+++ TASK DATA +++
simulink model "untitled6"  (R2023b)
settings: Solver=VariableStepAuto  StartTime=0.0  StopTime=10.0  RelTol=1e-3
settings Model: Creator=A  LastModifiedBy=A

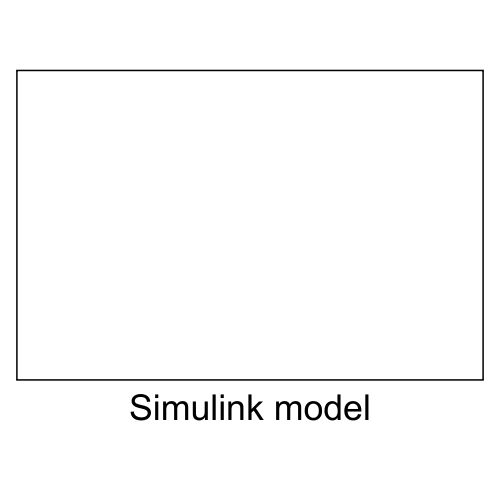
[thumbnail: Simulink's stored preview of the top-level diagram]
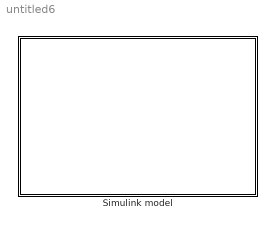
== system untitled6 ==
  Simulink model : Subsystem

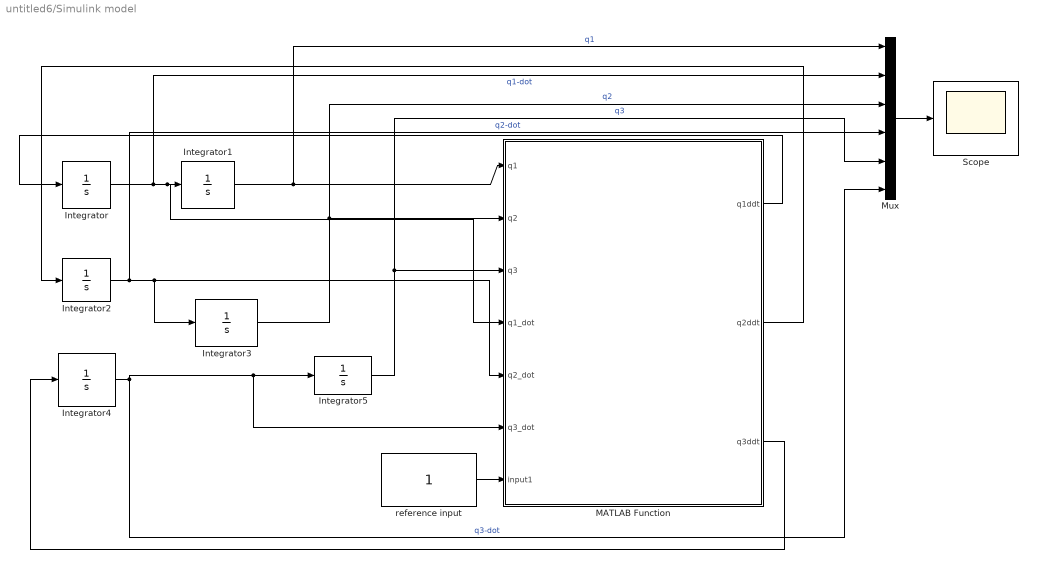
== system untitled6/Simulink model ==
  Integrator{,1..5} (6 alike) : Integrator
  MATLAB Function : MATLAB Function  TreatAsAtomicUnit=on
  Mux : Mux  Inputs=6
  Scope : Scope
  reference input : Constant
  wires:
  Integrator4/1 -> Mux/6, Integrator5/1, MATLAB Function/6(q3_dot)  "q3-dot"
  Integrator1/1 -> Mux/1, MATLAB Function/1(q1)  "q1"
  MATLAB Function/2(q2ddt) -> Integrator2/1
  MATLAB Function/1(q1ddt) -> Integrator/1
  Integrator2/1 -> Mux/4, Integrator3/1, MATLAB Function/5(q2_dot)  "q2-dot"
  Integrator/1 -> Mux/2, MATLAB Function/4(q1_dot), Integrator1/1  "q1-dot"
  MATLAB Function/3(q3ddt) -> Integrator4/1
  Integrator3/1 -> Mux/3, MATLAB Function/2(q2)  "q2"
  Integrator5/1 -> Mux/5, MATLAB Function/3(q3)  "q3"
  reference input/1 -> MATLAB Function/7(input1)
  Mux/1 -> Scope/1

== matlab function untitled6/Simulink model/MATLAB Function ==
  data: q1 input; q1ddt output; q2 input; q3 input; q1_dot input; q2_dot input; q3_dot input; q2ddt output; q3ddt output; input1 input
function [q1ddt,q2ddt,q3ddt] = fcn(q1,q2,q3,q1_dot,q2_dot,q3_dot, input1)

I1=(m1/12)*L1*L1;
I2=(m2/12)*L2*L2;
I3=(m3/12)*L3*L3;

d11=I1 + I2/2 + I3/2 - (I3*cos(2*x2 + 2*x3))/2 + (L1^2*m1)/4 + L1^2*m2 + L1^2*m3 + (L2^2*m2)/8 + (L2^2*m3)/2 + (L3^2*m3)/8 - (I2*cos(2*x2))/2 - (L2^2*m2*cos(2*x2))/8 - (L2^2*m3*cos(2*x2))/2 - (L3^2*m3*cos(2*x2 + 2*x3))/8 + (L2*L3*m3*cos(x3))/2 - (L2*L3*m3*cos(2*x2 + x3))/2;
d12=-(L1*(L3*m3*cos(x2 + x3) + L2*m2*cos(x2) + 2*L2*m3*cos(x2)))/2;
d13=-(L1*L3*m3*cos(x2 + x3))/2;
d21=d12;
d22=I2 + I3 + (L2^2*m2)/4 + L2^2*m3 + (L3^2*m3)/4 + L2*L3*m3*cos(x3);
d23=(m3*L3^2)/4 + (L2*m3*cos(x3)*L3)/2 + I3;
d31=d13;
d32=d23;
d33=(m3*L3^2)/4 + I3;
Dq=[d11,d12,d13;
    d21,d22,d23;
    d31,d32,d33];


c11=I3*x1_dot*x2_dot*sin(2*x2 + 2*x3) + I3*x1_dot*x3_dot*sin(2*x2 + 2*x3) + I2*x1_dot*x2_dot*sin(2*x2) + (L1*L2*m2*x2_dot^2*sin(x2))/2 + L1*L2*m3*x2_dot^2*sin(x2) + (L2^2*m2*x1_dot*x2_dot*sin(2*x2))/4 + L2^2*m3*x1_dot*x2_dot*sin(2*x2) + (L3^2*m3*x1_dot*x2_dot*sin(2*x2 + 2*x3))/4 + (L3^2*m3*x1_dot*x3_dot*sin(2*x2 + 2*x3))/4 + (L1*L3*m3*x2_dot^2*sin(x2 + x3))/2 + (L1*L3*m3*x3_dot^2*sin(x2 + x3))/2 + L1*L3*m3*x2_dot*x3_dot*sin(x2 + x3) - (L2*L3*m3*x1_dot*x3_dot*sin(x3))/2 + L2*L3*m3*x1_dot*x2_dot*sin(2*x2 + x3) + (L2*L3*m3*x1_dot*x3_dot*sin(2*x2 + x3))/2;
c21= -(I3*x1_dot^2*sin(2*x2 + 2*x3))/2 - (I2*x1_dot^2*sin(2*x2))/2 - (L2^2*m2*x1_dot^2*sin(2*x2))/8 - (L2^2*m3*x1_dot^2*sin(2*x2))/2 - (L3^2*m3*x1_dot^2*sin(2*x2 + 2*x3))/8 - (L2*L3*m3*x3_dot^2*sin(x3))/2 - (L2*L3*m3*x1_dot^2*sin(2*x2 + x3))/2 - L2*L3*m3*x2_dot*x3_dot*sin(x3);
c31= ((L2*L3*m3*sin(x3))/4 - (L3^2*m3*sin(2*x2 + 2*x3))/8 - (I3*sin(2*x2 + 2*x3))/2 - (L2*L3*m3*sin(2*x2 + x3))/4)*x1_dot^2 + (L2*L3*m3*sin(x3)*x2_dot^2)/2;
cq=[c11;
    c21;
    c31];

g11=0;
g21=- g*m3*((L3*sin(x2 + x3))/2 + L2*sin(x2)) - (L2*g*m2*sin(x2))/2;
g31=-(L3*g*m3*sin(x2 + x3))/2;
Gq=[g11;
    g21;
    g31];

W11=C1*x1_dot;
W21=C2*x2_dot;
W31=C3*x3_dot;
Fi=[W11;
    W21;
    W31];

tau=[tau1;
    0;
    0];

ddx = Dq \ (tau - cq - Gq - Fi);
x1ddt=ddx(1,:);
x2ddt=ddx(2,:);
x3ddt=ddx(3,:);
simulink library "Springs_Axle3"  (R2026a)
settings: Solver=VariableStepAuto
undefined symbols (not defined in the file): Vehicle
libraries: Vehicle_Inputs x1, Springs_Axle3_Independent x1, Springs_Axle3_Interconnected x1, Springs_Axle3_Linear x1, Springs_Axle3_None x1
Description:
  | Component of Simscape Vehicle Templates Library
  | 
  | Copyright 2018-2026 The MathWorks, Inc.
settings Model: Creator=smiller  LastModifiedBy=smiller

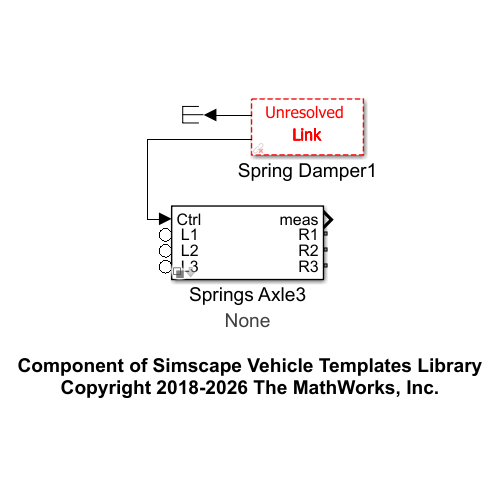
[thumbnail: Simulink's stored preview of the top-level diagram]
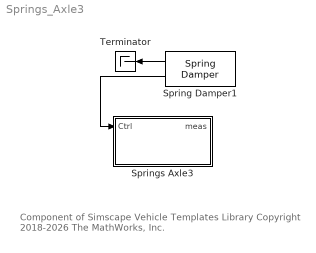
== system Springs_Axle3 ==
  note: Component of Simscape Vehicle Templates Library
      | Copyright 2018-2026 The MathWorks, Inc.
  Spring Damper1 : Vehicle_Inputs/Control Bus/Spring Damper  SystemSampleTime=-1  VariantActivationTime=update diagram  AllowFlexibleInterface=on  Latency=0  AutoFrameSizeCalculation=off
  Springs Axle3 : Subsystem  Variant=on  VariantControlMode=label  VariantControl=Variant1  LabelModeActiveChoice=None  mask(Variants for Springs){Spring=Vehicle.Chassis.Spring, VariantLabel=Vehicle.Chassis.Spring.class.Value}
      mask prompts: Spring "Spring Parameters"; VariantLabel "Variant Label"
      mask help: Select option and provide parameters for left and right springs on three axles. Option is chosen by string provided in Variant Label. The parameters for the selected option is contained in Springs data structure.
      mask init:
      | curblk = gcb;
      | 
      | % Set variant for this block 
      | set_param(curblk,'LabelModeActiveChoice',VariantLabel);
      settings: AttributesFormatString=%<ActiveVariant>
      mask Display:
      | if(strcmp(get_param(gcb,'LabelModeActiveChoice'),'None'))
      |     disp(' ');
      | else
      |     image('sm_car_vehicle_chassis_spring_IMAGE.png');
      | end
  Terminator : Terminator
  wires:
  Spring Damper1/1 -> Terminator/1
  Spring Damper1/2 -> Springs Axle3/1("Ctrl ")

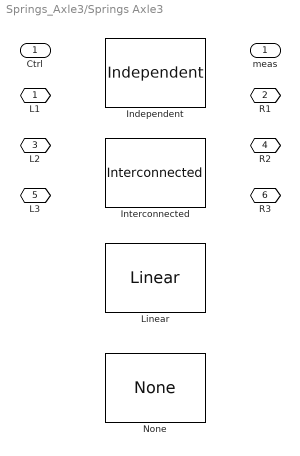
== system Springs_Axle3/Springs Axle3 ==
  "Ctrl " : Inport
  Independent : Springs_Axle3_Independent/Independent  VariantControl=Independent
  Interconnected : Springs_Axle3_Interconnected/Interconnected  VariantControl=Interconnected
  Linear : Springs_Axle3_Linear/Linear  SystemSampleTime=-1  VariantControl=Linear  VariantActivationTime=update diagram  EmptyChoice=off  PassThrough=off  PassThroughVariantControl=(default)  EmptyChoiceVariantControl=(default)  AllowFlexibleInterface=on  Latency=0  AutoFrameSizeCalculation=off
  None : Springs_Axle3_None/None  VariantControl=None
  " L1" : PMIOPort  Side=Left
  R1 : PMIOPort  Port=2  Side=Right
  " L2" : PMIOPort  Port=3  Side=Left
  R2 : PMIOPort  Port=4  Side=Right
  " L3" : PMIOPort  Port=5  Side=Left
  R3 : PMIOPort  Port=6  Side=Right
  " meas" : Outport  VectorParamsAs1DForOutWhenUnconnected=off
+++
Transcribe only this stretch of the data: the line with "W11=C1*x1_dot;", the line with "Spring Damper1 : Vehicle_Inputs/Control", and every line in between. Leave out the pictures.

* _RESPONSE TO THE EXERCISE_
W11=C1*x1_dot;
W21=C2*x2_dot;
W31=C3*x3_dot;
Fi=[W11;
    W21;
    W31];

tau=[tau1;
    0;
    0];

ddx = Dq \ (tau - cq - Gq - Fi);
x1ddt=ddx(1,:);
x2ddt=ddx(2,:);
x3ddt=ddx(3,:);
simulink library "Springs_Axle3"  (R2026a)
settings: Solver=VariableStepAuto
undefined symbols (not defined in the file): Vehicle
libraries: Vehicle_Inputs x1, Springs_Axle3_Independent x1, Springs_Axle3_Interconnected x1, Springs_Axle3_Linear x1, Springs_Axle3_None x1
Description:
  | Component of Simscape Vehicle Templates Library
  | 
  | Copyright 2018-2026 The MathWorks, Inc.
settings Model: Creator=smiller  LastModifiedBy=smiller

[thumbnail: Simulink's stored preview of the top-level diagram]
== system Springs_Axle3 ==
  note: Component of Simscape Vehicle Templates Library
      | Copyright 2018-2026 The MathWorks, Inc.
  Spring Damper1 : Vehicle_Inputs/Control Bus/Spring Damper  SystemSampleTime=-1  VariantActivationTime=update diagram  AllowFlexibleInterface=on  Latency=0  AutoFrameSizeCalculation=off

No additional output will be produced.